■ **The task**: When a line of the records below contains the string "range", copy that whole line.

■ **Data excerpts**:
· · ·

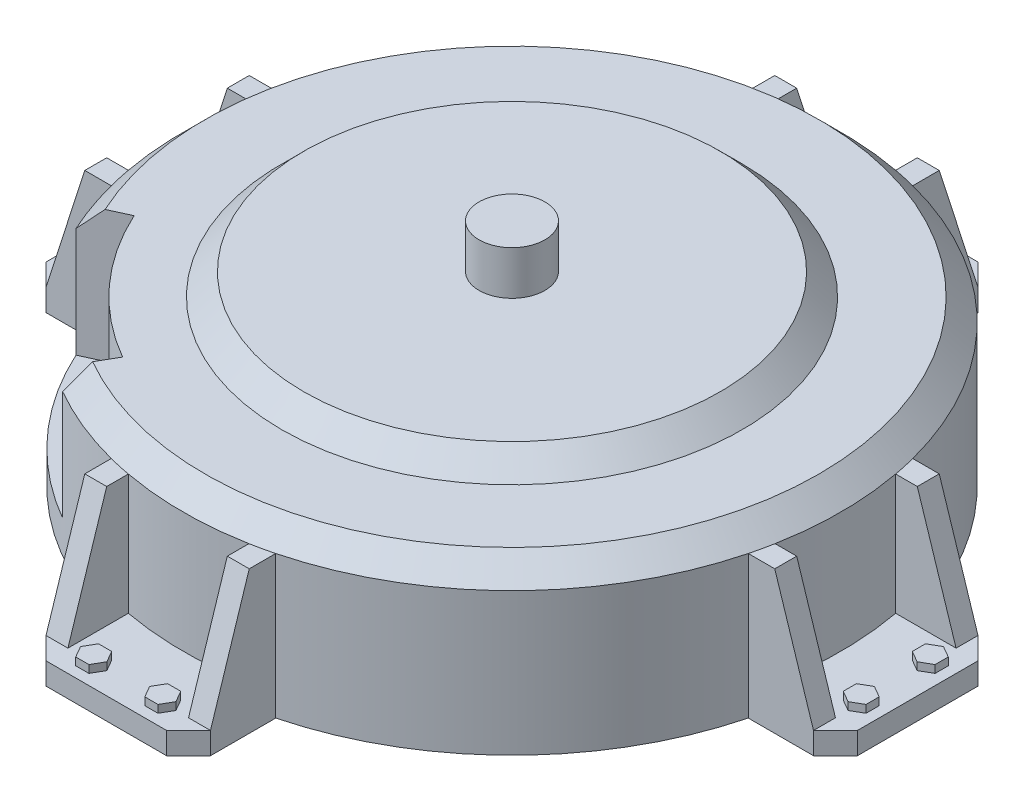
from build123d import *

# Parameters (mm, degrees)
SKETCH1_R                    = 150
BOSS_EXTRUDE1_DEPTH          = 75
CHAMFER1_SIZE                = 10
BOSS_EXTRUDE2_DEPTH          = 10
CHAMFER2_SIZE                = 10
BOSS_EXTRUDE3_DEPTH          = 10
BOSS_EXTRUDE4_DEPTH          = 3.5
CIRPATTERN1_COUNT            = 4
CIRPATTERN1_COPY_1_DEPTH     = 10
CIRPATTERN1_COPY_2_DEPTH     = 10
CIRPATTERN1_COPY_3_DEPTH     = 10
CIRPATTERN1_COPY_4_DEPTH     = 3.5
CIRPATTERN1_COPY_5_DEPTH     = 3.5
CIRPATTERN1_COPY_6_DEPTH     = 3.5
CHAMFER2_OF_CIRPATTERN1_SIZE = 10
CUT_EXTRUDE2_START           = -60
CUT_EXTRUDE2_DEPTH           = 60
SKETCH6_R                    = 110
BOSS_EXTRUDE5_DEPTH          = 10
CHAMFER3_SIZE                = 15
SKETCH7_R                    = 15
BOSS_EXTRUDE6_DEPTH          = 20


with BuildPart() as part:
    # Sketch1 → Boss-Extrude1 (new body)
    with BuildSketch(Plane(origin=(0, 0, 0), x_dir=(1, 0, 0), z_dir=(0, 1, 0))):
        with Locations(Location((0, 0, 0), (0, 0, 270))):
            Circle(SKETCH1_R)
    extrude(amount=BOSS_EXTRUDE1_DEPTH)

    # Chamfer1
    chamfer1_edges = [part.edges().sort_by_distance(p)[0] for p in [
        (0, 75, -150),
    ]]
    chamfer(chamfer1_edges, length=CHAMFER1_SIZE)

    # Sketch2 → Boss-Extrude2 (add)
    with BuildSketch(Plane.XZ):
        with BuildLine():
            Line((-145.236875483, 37.5), (-185, 37.5))
            Line((-185, 37.5), (-185, -37.5))
            Line((-185, -37.5), (-145.236875483, -37.5))
            ThreePointArc((-145.236875483, -37.5), (-150, 0), (-145.236875483, 37.5))
        make_face()
    boss_extrude2 = extrude(amount=-BOSS_EXTRUDE2_DEPTH)

    # Chamfer2
    chamfer2_edges = [part.edges().sort_by_distance(p)[0] for p in [
        (-185, 5, -37.5),
        (-185, 5, 37.5),
    ]]
    chamfer(chamfer2_edges, length=CHAMFER2_SIZE)

    # Sketch3 → Boss-Extrude3 (add)
    with BuildSketch(Plane.XY.offset(37.5)):
        Polygon((-145.236875483, 10), (-145.236875483, 65), (-157.32, 65), (-175, 10), align=None)
    boss_extrude3 = extrude(amount=-BOSS_EXTRUDE3_DEPTH)

    # Sketch4 → Boss-Extrude4 (add)
    with BuildSketch(Plane(origin=(0, 10, 0), x_dir=(1, 0, 0), z_dir=(0, 1, 0))):
        Polygon((-175, -21.74912957), (-169.803847577, -18.74912957), (-169.803847577, -12.74912957), (-175, -9.74912957), (-180.196152423, -12.74912957), (-180.196152423, -18.74912957), align=None)
    boss_extrude4 = extrude(amount=BOSS_EXTRUDE4_DEPTH)

    # Mirror1: Boss-Extrude3, Boss-Extrude4 across plane
    add(boss_extrude3.mirror(Plane.XY))
    add(boss_extrude4.mirror(Plane.XY))

    # CirPattern1: Boss-Extrude2, Boss-Extrude3, Boss-Extrude4 ×4 about axis
    cirpattern1_axis = Axis((0, 0, 0), (0, 1, 0))
    add([boss_extrude2.rotate(cirpattern1_axis, i * 360 / CIRPATTERN1_COUNT) for i in range(1, CIRPATTERN1_COUNT)])
    add([boss_extrude3.rotate(cirpattern1_axis, i * 360 / CIRPATTERN1_COUNT) for i in range(1, CIRPATTERN1_COUNT)])
    add([boss_extrude4.rotate(cirpattern1_axis, i * 360 / CIRPATTERN1_COUNT) for i in range(1, CIRPATTERN1_COUNT)])

    # CirPattern1 copy 1 sketch → CirPattern1 copy 1 (add)
    with BuildSketch(Plane(origin=(-37.5, 0, 0), x_dir=(0, 0, -1), z_dir=(-1, 0, 0))):
        Polygon((-145.236875483, -10), (-145.236875483, -65), (-157.32, -65), (-175, -10), align=None)
    extrude(amount=-CIRPATTERN1_COPY_1_DEPTH)

    # CirPattern1 copy 2 sketch → CirPattern1 copy 2 (add)
    with BuildSketch(Plane(origin=(0, 0, 37.5), x_dir=(-1, 0, 0), z_dir=(0, 0, 1))):
        Polygon((-145.236875483, -10), (-145.236875483, -65), (-157.32, -65), (-175, -10), align=None)
    extrude(amount=-CIRPATTERN1_COPY_2_DEPTH)

    # CirPattern1 copy 3 sketch → CirPattern1 copy 3 (add)
    with BuildSketch(Plane(origin=(37.5, 0, 0), x_dir=(0, 0, 1), z_dir=(1, 0, 0))):
        Polygon((-145.236875483, -10), (-145.236875483, -65), (-157.32, -65), (-175, -10), align=None)
    extrude(amount=-CIRPATTERN1_COPY_3_DEPTH)

    # CirPattern1 copy 4 sketch → CirPattern1 copy 4 (add)
    with BuildSketch(Plane(origin=(0, 10, 0), x_dir=(0, 0, -1), z_dir=(0, 1, 0))):
        Polygon((-175, 21.74912957), (-169.803847577, 18.74912957), (-169.803847577, 12.74912957), (-175, 9.74912957), (-180.196152423, 12.74912957), (-180.196152423, 18.74912957), align=None)
    extrude(amount=CIRPATTERN1_COPY_4_DEPTH)

    # CirPattern1 copy 5 sketch → CirPattern1 copy 5 (add)
    with BuildSketch(Plane(origin=(0, 10, 0), x_dir=(-1, 0, 0), z_dir=(0, 1, 0))):
        Polygon((-175, 21.74912957), (-169.803847577, 18.74912957), (-169.803847577, 12.74912957), (-175, 9.74912957), (-180.196152423, 12.74912957), (-180.196152423, 18.74912957), align=None)
    extrude(amount=CIRPATTERN1_COPY_5_DEPTH)

    # CirPattern1 copy 6 sketch → CirPattern1 copy 6 (add)
    with BuildSketch(Plane.ZX.offset(10)):
        Polygon((-175, 21.74912957), (-169.803847577, 18.74912957), (-169.803847577, 12.74912957), (-175, 9.74912957), (-180.196152423, 12.74912957), (-180.196152423, 18.74912957), align=None)
    extrude(amount=CIRPATTERN1_COPY_6_DEPTH)

    # Chamfer2 of CirPattern1
    chamfer2_of_cirpattern1_edges = [part.edges().sort_by_distance(p)[0] for p in [
        (-37.5, 5, 185),
        (37.5, 5, 185),
        (185, 5, 37.5),
        (185, 5, -37.5),
        (37.5, 5, -185),
        (-37.5, 5, -185),
    ]]
    chamfer(chamfer2_of_cirpattern1_edges, length=CHAMFER2_OF_CIRPATTERN1_SIZE)

    # Sketch5 → Cut-Extrude2 (cut)
    with BuildSketch(Plane(origin=(0, 75, 0), x_dir=(1, 0, 0), z_dir=(0, 1, 0)).offset(CUT_EXTRUDE2_START)):
        with BuildLine():
            ThreePointArc((-70, -121.24355653), (-103.548353297, -94.221751891), (-127.293055267, -58.279310916))
            Line((-127.293055267, -58.279310916), (-136.385416357, -62.442118839))
            ThreePointArc((-136.385416357, -62.442118839), (-110.944664247, -100.951877026), (-75, -129.903810568))
            Line((-75, -129.903810568), (-70, -121.24355653))
        make_face()
        with BuildLine():
            ThreePointArc((-65, -112.583302492), (-96.152042347, -87.491626756), (-118.200694176, -54.116502994))
            Line((-118.200694176, -54.116502994), (-127.293055267, -58.279310916))
            ThreePointArc((-127.293055267, -58.279310916), (-103.548353297, -94.221751891), (-70, -121.24355653))
            Line((-70, -121.24355653), (-65, -112.583302492))
        make_face()
    extrude(amount=CUT_EXTRUDE2_DEPTH, mode=Mode.SUBTRACT)

    # Sketch6 → Boss-Extrude5 (add)
    with BuildSketch(Plane(origin=(0, 75, 0), x_dir=(1, 0, 0), z_dir=(0, 1, 0))):
        with Locations(Location((0, 0, 0), (0, 0, 270))):
            Circle(SKETCH6_R)
    extrude(amount=BOSS_EXTRUDE5_DEPTH)

    # Chamfer3
    # the kernel refuses this chamfer: 15 mm, written as the material it takes off along each edge
    with BuildSketch(Plane(origin=(0, 85, 0), x_dir=(0, 0, 1), z_dir=(-1, 0, 0))) as chamfer3_piece_1_section:
        Polygon((110, -CHAMFER3_SIZE), (110 - CHAMFER3_SIZE, 0), (110, 0), align=None)
    chamfer3_piece_1 = revolve(axis=Axis((0, 85, 0), (0, 1, 0)), mode=Mode.PRIVATE)
    chamfer3_piece_1 = split(chamfer3_piece_1, bisect_by=Plane(origin=(0, 75, -100.081022807), z_dir=(0, 1, 0)), keep=Keep.TOP, mode=Mode.PRIVATE)
    add(chamfer3_piece_1, mode=Mode.SUBTRACT)

    # Sketch7 → Boss-Extrude6 (add)
    with BuildSketch(Plane(origin=(0, 85, 0), x_dir=(1, 0, 0), z_dir=(0, 1, 0))):
        with Locations(Location((0, 0, 0), (0, 0, 270))):
            Circle(SKETCH7_R)
    extrude(amount=BOSS_EXTRUDE6_DEPTH)


solid = part.part

· · ·

■ **Task output**:
    add([boss_extrude2.rotate(cirpattern1_axis, i * 360 / CIRPATTERN1_COUNT) for i in range(1, CIRPATTERN1_COUNT)])
    add([boss_extrude3.rotate(cirpattern1_axis, i * 360 / CIRPATTERN1_COUNT) for i in range(1, CIRPATTERN1_COUNT)])
    add([boss_extrude4.rotate(cirpattern1_axis, i * 360 / CIRPATTERN1_COUNT) for i in range(1, CIRPATTERN1_COUNT)])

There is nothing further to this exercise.